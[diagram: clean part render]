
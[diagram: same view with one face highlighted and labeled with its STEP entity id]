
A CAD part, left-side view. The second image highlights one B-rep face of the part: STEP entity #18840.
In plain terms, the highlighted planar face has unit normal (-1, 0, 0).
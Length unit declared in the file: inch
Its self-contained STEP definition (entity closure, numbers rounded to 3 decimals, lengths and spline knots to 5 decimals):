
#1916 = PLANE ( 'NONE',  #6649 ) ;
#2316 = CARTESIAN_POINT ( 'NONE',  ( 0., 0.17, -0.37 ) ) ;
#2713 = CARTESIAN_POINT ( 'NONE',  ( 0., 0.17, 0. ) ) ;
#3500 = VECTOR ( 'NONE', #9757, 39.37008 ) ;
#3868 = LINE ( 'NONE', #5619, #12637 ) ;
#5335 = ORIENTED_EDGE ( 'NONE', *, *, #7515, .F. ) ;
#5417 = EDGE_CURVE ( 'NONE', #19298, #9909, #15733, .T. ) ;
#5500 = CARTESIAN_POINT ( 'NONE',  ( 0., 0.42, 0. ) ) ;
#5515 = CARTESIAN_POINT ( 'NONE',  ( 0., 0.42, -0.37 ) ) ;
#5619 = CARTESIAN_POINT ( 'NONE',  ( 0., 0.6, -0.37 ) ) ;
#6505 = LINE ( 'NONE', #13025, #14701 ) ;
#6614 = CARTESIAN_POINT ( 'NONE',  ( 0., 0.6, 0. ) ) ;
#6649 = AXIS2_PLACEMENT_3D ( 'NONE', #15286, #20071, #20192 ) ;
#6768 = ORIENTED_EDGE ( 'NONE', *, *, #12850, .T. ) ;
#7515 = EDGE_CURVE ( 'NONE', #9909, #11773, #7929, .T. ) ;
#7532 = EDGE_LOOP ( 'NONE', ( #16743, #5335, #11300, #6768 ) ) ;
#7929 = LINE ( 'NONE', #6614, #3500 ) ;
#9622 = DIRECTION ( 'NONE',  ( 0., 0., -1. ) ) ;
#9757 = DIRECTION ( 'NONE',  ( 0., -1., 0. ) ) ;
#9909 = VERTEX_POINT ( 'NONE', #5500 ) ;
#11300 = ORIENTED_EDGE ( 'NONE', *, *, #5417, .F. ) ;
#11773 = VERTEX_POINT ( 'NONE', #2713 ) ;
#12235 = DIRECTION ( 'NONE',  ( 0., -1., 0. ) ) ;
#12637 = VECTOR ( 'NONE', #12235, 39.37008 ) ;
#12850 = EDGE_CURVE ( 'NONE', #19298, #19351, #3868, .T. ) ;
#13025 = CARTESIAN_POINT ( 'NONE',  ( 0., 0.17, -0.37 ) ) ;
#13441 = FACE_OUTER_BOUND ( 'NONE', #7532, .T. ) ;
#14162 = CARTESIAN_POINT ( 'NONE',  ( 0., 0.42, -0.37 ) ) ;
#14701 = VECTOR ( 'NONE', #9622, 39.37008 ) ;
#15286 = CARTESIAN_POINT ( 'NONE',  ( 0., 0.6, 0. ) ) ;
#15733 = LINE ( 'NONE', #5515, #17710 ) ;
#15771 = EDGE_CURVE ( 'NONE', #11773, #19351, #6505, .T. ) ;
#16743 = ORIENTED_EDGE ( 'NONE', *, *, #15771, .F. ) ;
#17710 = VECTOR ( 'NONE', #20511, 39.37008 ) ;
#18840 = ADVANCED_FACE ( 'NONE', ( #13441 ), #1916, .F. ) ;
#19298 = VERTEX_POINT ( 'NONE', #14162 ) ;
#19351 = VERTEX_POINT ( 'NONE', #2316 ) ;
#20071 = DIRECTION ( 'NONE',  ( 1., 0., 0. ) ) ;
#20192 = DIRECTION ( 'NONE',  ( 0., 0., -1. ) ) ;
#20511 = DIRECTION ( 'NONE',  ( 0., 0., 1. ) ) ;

YOUR TASK: Could you return the lines in the entries above that contain "highlighted"?

SOLUTION TO THIS PROBLEM:
[diagram: same view with one face highlighted and labeled with its STEP entity id]
In plain terms, the highlighted planar face has unit normal (-1, 0, 0).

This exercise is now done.